WHAT YOU ARE ASKED TO DO
Copy out each line of the data holding "blocks".

Records drawn from a dataset
⁂

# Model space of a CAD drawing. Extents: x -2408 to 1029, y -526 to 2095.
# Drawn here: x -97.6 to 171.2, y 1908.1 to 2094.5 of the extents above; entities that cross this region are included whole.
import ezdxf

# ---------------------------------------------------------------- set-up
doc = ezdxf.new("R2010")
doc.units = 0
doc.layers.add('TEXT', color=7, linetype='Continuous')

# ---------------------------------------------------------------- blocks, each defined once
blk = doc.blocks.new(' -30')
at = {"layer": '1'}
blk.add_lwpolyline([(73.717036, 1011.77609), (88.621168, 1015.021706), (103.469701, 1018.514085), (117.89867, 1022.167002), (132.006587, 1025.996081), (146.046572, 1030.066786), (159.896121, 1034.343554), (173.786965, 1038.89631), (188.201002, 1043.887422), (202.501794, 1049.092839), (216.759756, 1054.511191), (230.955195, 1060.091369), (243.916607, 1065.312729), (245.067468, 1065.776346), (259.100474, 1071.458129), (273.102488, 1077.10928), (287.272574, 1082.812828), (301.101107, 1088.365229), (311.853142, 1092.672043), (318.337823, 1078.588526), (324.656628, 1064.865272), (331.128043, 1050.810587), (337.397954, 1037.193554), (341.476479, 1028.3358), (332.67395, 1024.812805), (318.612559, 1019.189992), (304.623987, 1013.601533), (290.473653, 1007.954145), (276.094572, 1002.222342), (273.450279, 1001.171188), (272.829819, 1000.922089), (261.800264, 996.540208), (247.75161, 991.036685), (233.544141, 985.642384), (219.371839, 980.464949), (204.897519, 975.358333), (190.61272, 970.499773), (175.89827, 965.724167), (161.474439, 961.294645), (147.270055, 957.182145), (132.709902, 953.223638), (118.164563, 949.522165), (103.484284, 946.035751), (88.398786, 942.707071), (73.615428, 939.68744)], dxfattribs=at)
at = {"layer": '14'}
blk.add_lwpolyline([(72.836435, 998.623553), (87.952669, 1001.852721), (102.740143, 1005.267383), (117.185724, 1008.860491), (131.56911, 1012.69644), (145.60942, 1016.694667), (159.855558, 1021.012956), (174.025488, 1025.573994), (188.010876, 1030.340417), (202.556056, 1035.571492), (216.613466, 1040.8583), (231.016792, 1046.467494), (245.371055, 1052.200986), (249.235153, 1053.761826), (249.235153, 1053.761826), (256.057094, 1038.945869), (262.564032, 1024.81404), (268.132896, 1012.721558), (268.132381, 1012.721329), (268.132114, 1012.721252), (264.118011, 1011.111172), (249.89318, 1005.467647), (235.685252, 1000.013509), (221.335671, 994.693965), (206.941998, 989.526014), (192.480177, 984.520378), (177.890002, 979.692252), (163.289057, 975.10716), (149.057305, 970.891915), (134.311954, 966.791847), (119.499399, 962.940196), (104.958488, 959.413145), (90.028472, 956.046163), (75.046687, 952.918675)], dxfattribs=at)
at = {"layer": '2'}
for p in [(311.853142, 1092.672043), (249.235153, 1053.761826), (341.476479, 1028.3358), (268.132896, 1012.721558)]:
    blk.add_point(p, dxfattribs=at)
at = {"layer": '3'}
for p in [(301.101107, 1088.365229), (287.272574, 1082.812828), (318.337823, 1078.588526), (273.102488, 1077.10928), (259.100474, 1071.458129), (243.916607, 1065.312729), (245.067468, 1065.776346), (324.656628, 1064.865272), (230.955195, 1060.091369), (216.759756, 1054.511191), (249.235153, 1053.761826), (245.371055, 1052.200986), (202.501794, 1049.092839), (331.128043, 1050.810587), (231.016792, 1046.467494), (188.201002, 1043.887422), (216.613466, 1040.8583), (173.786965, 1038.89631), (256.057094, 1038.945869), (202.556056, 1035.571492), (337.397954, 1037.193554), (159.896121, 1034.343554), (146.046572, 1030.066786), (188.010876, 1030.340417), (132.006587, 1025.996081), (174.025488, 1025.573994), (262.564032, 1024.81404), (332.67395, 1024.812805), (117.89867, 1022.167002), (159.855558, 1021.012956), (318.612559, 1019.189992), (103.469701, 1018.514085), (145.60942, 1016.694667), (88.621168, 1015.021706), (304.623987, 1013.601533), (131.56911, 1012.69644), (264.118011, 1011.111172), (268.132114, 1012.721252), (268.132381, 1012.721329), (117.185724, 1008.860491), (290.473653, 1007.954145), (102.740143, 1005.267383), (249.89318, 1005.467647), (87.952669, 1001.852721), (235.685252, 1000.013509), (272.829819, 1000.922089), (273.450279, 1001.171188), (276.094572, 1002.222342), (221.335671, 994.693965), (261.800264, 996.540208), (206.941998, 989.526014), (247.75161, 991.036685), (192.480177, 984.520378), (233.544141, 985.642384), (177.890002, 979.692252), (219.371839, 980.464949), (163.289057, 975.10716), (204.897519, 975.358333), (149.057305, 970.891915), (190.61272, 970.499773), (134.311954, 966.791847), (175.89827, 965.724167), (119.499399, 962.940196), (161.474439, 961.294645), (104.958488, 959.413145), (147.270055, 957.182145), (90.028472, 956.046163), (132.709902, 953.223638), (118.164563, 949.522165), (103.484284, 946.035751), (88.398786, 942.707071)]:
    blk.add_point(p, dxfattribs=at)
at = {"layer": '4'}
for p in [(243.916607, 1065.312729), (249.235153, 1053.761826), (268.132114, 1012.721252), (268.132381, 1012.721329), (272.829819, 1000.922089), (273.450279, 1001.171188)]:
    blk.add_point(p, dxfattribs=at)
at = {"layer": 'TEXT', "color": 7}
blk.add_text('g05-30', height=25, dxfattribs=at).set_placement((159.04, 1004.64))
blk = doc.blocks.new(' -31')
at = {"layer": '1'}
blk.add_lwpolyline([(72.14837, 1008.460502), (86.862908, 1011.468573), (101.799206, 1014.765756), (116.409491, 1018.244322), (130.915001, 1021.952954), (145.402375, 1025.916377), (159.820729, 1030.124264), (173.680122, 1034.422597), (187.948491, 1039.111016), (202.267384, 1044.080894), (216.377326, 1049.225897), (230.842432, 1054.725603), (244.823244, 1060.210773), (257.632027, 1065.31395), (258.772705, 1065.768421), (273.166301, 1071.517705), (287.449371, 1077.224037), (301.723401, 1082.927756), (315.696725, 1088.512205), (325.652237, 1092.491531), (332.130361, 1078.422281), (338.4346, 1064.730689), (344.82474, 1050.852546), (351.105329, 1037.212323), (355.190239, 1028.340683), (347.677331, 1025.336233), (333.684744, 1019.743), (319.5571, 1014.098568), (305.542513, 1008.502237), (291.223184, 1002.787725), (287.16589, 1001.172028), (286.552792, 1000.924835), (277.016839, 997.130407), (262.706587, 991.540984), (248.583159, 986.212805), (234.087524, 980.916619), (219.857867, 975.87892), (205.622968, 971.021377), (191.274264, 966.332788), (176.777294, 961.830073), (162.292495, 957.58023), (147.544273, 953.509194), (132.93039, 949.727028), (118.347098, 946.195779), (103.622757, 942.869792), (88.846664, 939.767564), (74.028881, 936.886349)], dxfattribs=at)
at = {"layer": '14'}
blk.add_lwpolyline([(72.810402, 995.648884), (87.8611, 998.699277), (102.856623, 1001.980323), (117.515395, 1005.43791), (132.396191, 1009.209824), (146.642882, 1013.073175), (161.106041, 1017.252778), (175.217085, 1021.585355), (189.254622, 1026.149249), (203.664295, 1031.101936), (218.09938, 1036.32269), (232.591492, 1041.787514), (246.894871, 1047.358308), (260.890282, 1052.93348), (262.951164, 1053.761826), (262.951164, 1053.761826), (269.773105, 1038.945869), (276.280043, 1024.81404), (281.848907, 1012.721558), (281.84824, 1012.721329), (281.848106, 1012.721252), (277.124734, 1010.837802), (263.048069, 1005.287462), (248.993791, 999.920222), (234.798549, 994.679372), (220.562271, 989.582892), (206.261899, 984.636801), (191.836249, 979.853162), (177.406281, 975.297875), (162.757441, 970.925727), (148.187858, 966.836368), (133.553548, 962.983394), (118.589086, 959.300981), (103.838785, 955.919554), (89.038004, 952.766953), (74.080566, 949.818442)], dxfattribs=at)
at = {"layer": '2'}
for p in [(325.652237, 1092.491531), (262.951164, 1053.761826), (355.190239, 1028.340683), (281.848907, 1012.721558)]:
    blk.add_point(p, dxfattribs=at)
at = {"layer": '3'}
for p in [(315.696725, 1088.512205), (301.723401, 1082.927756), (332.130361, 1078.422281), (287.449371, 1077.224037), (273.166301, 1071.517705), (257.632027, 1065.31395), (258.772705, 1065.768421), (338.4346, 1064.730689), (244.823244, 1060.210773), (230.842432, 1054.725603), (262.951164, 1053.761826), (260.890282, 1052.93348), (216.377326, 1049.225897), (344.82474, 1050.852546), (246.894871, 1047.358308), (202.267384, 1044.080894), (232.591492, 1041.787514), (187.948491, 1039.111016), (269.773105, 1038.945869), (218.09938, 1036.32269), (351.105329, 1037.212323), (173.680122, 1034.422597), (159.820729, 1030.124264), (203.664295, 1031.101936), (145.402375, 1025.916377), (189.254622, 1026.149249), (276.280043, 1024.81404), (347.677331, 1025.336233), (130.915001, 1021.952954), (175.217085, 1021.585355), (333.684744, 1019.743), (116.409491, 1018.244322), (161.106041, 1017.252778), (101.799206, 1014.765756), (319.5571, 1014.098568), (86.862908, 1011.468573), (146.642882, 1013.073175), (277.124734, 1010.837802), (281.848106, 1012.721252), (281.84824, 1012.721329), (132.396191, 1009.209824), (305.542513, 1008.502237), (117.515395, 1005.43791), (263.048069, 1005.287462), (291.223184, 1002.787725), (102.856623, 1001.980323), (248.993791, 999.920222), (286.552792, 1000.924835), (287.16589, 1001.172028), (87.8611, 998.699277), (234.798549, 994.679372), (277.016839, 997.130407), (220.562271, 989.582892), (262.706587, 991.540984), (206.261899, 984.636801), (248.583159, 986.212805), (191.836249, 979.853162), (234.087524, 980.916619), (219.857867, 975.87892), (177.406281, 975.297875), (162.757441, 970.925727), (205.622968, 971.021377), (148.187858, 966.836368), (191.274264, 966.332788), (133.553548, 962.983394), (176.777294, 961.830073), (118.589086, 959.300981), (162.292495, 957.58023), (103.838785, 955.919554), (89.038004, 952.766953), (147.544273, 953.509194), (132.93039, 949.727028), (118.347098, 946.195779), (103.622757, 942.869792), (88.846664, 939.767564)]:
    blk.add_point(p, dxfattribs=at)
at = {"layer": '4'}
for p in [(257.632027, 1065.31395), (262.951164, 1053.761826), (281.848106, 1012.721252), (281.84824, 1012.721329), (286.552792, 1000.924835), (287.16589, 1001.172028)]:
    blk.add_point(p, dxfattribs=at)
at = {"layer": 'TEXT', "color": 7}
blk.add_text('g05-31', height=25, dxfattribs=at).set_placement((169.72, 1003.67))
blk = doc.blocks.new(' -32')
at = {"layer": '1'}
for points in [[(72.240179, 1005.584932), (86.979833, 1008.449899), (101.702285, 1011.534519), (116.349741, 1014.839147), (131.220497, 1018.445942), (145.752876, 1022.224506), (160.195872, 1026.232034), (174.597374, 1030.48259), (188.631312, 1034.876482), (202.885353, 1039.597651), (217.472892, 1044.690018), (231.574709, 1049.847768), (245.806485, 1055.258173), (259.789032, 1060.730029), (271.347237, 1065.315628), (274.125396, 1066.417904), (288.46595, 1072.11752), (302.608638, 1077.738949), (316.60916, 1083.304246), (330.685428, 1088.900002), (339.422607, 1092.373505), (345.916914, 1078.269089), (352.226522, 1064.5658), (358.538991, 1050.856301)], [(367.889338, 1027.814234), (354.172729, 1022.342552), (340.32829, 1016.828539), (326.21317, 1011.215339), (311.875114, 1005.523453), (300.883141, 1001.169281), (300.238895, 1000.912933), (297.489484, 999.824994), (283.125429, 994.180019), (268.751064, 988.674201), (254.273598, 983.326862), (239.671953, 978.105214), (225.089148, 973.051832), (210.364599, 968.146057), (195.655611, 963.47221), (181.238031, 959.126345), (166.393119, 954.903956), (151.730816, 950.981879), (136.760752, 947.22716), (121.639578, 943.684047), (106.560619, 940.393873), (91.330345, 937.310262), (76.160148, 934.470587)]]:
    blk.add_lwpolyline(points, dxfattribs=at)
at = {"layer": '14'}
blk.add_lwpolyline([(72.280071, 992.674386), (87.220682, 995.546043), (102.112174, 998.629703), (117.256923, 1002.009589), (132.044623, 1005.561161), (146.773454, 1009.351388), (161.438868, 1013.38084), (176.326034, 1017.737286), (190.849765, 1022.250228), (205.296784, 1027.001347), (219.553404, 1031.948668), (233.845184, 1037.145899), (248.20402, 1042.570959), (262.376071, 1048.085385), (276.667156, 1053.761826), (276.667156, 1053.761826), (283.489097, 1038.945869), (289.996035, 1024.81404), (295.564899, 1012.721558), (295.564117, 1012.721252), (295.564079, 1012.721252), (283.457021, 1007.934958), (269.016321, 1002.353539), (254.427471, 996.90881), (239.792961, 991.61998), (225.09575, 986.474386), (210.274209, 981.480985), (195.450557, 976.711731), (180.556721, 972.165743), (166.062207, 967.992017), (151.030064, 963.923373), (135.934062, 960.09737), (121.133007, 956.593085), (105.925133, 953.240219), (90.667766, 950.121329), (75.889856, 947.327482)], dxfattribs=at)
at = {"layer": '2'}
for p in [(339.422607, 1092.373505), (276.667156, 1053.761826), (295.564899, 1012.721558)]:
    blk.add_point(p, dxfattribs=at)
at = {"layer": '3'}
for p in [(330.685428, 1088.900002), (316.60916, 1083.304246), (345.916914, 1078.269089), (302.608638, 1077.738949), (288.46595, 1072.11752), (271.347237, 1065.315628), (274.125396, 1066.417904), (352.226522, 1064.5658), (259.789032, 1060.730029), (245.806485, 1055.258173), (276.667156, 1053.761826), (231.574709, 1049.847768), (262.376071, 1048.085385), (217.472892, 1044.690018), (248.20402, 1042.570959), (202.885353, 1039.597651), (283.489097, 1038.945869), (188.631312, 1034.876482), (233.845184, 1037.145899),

⁂

WRITTEN SOLUTION
# ---------------------------------------------------------------- blocks, each defined once
blk = doc.blocks.new(' -30')
blk = doc.blocks.new(' -31')
blk = doc.blocks.new(' -32')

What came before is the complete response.